Daryl Drown, owner of Extreme Kites in St. Augustine Beach, is a key reason that local beaches have had a new kind of sportsman on their sands this past summer.

“We were the first retailer of power kites in the US and we are still one of the largest in North America. Right here in little St. Augustine,” said Drown.

Drown grew up in Cape Cod, Mass. He’s been a skater since the fourth or fifth grade, “when skateboards turned from banana boards to street boards.” Drown then moved on to snowboarding in the ‘80s, and he’s been flying power kites for a couple of decades now. As his interest in kites and extreme sports grew, he and a group of others developed the sport of power kiting by incorporating large foil and inflatable kites into wakeboarding, surfing, buggies and snowboarding.

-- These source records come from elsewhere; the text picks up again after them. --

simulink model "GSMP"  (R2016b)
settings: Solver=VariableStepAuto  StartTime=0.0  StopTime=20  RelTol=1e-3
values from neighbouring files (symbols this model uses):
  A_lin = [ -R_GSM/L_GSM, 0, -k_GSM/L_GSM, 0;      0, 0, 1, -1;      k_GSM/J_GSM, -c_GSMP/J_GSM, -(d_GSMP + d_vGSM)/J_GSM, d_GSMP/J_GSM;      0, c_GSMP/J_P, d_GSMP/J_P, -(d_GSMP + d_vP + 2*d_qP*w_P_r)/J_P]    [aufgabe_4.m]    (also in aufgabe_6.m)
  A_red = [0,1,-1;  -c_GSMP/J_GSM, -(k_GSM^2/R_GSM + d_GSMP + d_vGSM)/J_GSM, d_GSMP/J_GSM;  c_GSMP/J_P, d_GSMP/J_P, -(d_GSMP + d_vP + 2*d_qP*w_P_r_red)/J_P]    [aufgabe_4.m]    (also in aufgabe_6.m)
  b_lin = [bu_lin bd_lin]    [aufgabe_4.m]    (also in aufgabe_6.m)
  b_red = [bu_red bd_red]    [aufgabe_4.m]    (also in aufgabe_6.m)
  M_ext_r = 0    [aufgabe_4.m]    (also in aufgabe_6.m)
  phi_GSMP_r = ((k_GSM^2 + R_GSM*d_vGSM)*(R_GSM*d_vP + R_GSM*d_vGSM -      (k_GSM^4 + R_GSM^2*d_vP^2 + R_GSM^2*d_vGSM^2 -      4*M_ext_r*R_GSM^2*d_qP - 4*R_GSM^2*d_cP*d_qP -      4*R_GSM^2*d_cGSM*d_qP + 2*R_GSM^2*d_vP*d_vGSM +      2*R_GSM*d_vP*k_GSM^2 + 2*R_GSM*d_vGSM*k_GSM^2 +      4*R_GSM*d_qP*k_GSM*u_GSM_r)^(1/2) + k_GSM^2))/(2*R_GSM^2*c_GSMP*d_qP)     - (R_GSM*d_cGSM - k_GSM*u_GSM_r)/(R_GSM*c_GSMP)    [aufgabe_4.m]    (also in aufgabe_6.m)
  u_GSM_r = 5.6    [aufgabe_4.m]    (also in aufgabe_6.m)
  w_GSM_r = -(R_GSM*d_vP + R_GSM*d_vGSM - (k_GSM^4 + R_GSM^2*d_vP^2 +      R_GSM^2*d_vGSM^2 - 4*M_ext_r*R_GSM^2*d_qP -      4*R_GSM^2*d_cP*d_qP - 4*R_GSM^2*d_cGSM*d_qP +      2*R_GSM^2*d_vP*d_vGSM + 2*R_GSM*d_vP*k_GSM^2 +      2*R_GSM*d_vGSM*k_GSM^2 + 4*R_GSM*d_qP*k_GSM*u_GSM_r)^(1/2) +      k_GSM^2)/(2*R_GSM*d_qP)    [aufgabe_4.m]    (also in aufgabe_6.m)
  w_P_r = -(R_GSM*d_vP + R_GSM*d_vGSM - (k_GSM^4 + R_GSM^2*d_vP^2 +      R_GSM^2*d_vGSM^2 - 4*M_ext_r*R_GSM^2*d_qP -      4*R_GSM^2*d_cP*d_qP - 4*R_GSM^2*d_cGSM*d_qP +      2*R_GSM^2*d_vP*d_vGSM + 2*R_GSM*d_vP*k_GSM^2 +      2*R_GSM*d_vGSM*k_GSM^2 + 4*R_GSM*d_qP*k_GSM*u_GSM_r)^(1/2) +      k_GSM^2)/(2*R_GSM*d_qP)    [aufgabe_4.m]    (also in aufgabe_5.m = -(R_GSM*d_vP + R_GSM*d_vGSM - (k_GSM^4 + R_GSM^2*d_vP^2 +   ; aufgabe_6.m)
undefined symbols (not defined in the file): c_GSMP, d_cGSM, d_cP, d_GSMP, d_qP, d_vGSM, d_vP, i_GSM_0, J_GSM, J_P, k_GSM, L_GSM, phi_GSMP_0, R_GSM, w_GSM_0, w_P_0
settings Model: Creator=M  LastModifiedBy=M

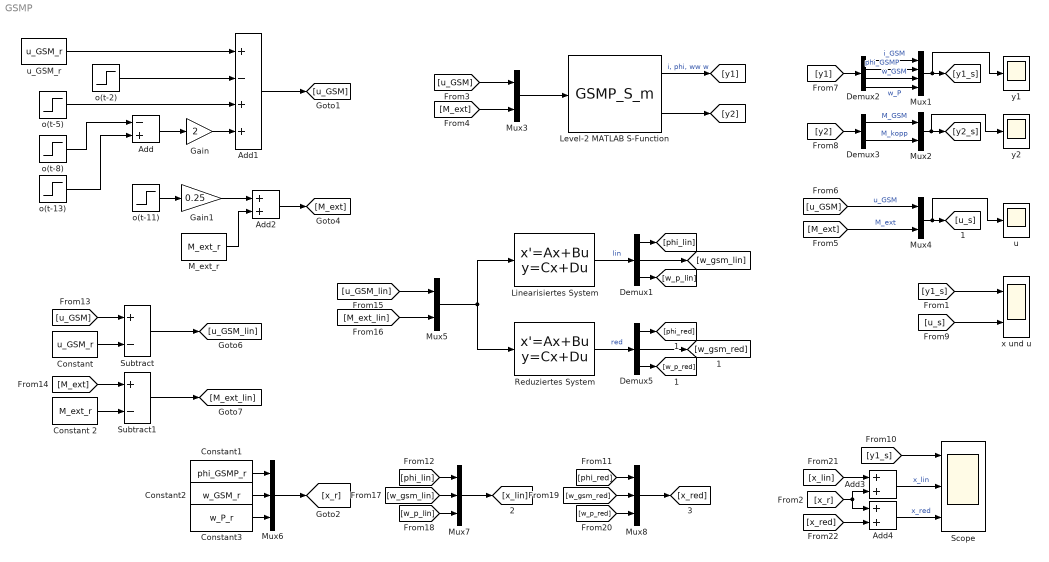
== system GSMP ==
  Add : Sum  Inputs=-+
  Add1 : Sum  Inputs=+-++
  Add2 : Sum
  Add3 : Sum
  Add4 : Sum
  Constant : Constant  Value=u_GSM_r
  Constant 2 : Constant  Value=M_ext_r
  Constant1 : Constant  Value=phi_GSMP_r
  Constant2 : Constant  Value=w_GSM_r
  Constant3 : Constant  Value=w_P_r
  Demux1 : Demux  Outputs=3
  Demux2 : Demux
  Demux3 : Demux  Outputs=2
  Demux5 : Demux  Outputs=3
  Gain : Gain  Gain=2
  Gain1 : Gain  Gain=0.25
  Level-2 MATLAB S-Function : M-S-Function  FunctionName=GSMP_S_m  Parameters=L_GSM, R_GSM, k_GSM, J_GSM, d_cGSM, d_vGSM, J_P, d_cP, d_vP, d_qP, c_GSMP, d_GSMP, i_GSM_0, phi_GSMP_0, w_GSM_0, w_P_0  mask{L_GSM=L_GSM, R_GSM=R_GSM, k_GSM=k_GSM, J_GSM=J_GSM, d_cGSM=d_cGSM, d_vGSM=d_vGSM, J_P=J_P, d_cP=d_cP, d_vP=d_vP, d_qP=d_qP, c_GSMP=c_GSMP, d_GSMP=d_GSMP, i_GSM_0=i_GSM_0, phi_GSMP_0=phi_GSMP_0, w_GSM_0=w_GSM_0, w_P_0=w_P_0}
      mask prompts: i_GSM_0 "i_GSM"; phi_GSMP_0 "phi_GSMP"; w_GSM_0 "w_GSM"; w_P_0 "w_P"
      mask DialogControl Container3 Prompt: Anfangszustände
  Linearisiertes System : StateSpace  A=A_lin  B=b_lin  C=[0 1 0 0; 0 0 1 0; 0 0 0 1]  D=[0 0; 0 0; 0 0]  X0=0
  M_ext_r : Constant  Value=M_ext_r
  Mux1 : Mux
  Mux{2..5} (4 alike) : Mux  Inputs=2
  Mux6 : Mux  Inputs=3
  Mux7 : Mux  Inputs=3
  Mux8 : Mux  Inputs=3
  Reduziertes System : StateSpace  A=A_red  B=b_red  C=[1 0 0; 0 1 0; 0 0 1]  D=[0 0; 0 0; 0 0]  X0=0
  Scope : Scope  NumInputPorts=3
  Subtract : Sum  Inputs=+-
  Subtract1 : Sum  Inputs=+-
  o(t-11) : Step  Time=11  SampleTime=0
  o(t-13) : Step  Time=13  SampleTime=0
  o(t-2) : Step  Time=2  SampleTime=0
  o(t-5) : Step  Time=5  SampleTime=0
  o(t-8) : Step  Time=8  SampleTime=0
  u : Scope
  "u_GSM_r " : Constant  Value=u_GSM_r
  x und u : Scope  NumInputPorts=2
  "y1 " : Scope
  "y2 " : Scope
  wires:
  Mux3/1 -> Level-2 MATLAB S-Function/1
  [u_GSM] -> Mux3/1
  [M_ext] -> Mux3/2
  Level-2 MATLAB S-Function/1 -> [y1]  "i, phi, ww w"
  Level-2 MATLAB S-Function/2 -> [y2]
  "u_GSM_r "/1 -> Add1/1
  Add1/1 -> [u_GSM]
  o(t-2)/1 -> Add1/2
  o(t-8)/1 -> Add/1
  o(t-13)/1 -> Add/2
  Add/1 -> Gain/1
  o(t-5)/1 -> Add1/3
  Gain/1 -> Add1/4
  Gain1/1 -> Add2/1
  M_ext_r/1 -> Add2/2
  o(t-11)/1 -> Gain1/1
  Add2/1 -> [M_ext]
  [y1] -> Demux2/1
  Demux2/1 -> Mux1/1  "i_GSM"
  Demux2/2 -> Mux1/2  "phi_GSMP"
  Demux2/3 -> Mux1/3  "w_GSM"
  Demux2/4 -> Mux1/4  "w_P"
  Mux1/1 -> "y1 "/1, [y1_s]
  Demux3/2 -> Mux2/2  "M_kopp"
  [y2] -> Demux3/1
  Demux3/1 -> Mux2/1  "M_GSM"
  Mux2/1 -> "y2 "/1, [y2_s]
  [u_GSM] -> Mux4/1  "u_GSM"
  [M_ext] -> Mux4/2  "M_ext"
  Mux4/1 -> u/1, [u_s]
  [y1_s] -> x und u/1
  [u_s] -> x und u/2
  Mux5/1 -> Reduziertes System/1, Linearisiertes System/1
  Subtract/1 -> [u_GSM_lin]
  Constant/1 -> Subtract/2
  [u_GSM] -> Subtract/1
  Subtract1/1 -> [M_ext_lin]
  Constant 2/1 -> Subtract1/2
  [M_ext] -> Subtract1/1
  [M_ext_lin] -> Mux5/2
  [u_GSM_lin] -> Mux5/1
  Linearisiertes System/1 -> Demux1/1  "lin"
  Demux1/1 -> [phi_lin]
  Demux1/2 -> [w_gsm_lin]
  Demux1/3 -> [w_p_lin]
  Reduziertes System/1 -> Demux5/1  "red"
  Demux5/1 -> [phi_red]
  Demux5/3 -> [w_p_red]
  Constant2/1 -> Mux6/2
  Constant1/1 -> Mux6/1
  Constant3/1 -> Mux6/3
  Mux6/1 -> [x_r]
  [x_r] -> Add3/2, Add4/1
  Add3/1 -> Scope/2  "x_lin"
  Add4/1 -> Scope/3  "x_red"
  [y1_s] -> Scope/1
  [phi_lin] -> Mux7/1
  [w_gsm_lin] -> Mux7/2
  [w_p_lin] -> Mux7/3
  [phi_red] -> Mux8/1
  [w_gsm_red] -> Mux8/2
  [w_p_red] -> Mux8/3
  Mux7/1 -> [x_lin]
  Mux8/1 -> [x_red]
  [x_lin] -> Add3/1
  [x_red] -> Add4/2
  Demux5/2 -> [w_gsm_red]

A relatively new and increasingly frequent sight at local beaches, power kites are enormous sails with long tethers. Extreme sports enthusiasts defy gravity with these aerial anomalies to take their favorite sporting activities on the land and on the sea to the next level. A power kite used with a surfboard, for instance, can help the surfer get 10 to 15 feet of vertical loft when executed correctly.

The enormous kite catches the wind and propels whatever is under your feet, be that a landboard (which is like a cross between a skateboard, a snowboard and a monster truck), a kite buggy, a wakeboard, a surfboard, or a snowboard. Originally, Drown and his ilk would combine large kites with these other sports to create a similar effect to power kiting, but now they are making kites specifically for this purpose.

Foil kites are for land and mountain use because they are lighter and easier to get into the air. Inflatable kites are most commonly used in the water so that when the kite comes down it doesn’t just fill with water like a capsized sail and sink.

It costs anywhere from $500 to $2,000 to get started, and the learning curve is aggressive. But most people get the hang of it fairly quickly.

“It’s easier and more user-friendly than windsurfing, because it takes a lot less wind. You only need 10 to 15 knots with a power kite, but you need 25 to 30 knots to have any fun windsurfing,” said Drown.

He has been in a few minor crashes and he’s seen some pretty bad ones, from people running into poles to getting tangled in the tethers. The sport can get messy, but for the most part, the people who wipeout or get injured are the ones not using their equipment properly, said Drown.

“If you learn correctly, it’s a very safe sport,” he said.

How long it takes to learn the sport can vary. A wakeboarder or windsurfer will pick it up faster than someone that has no experience with similar outdoor sports that involve balance, gravity and inertia. But it takes daily and weekly practice to excel.

“There are some young guys around here riding in the top ten percentile in the world,” said Drown, but any age can access this sport. Drown is in his mid thirties and he knows people that continue to ride into their seventies. It’s as simple as flying a kite (while strapped to a surfboard).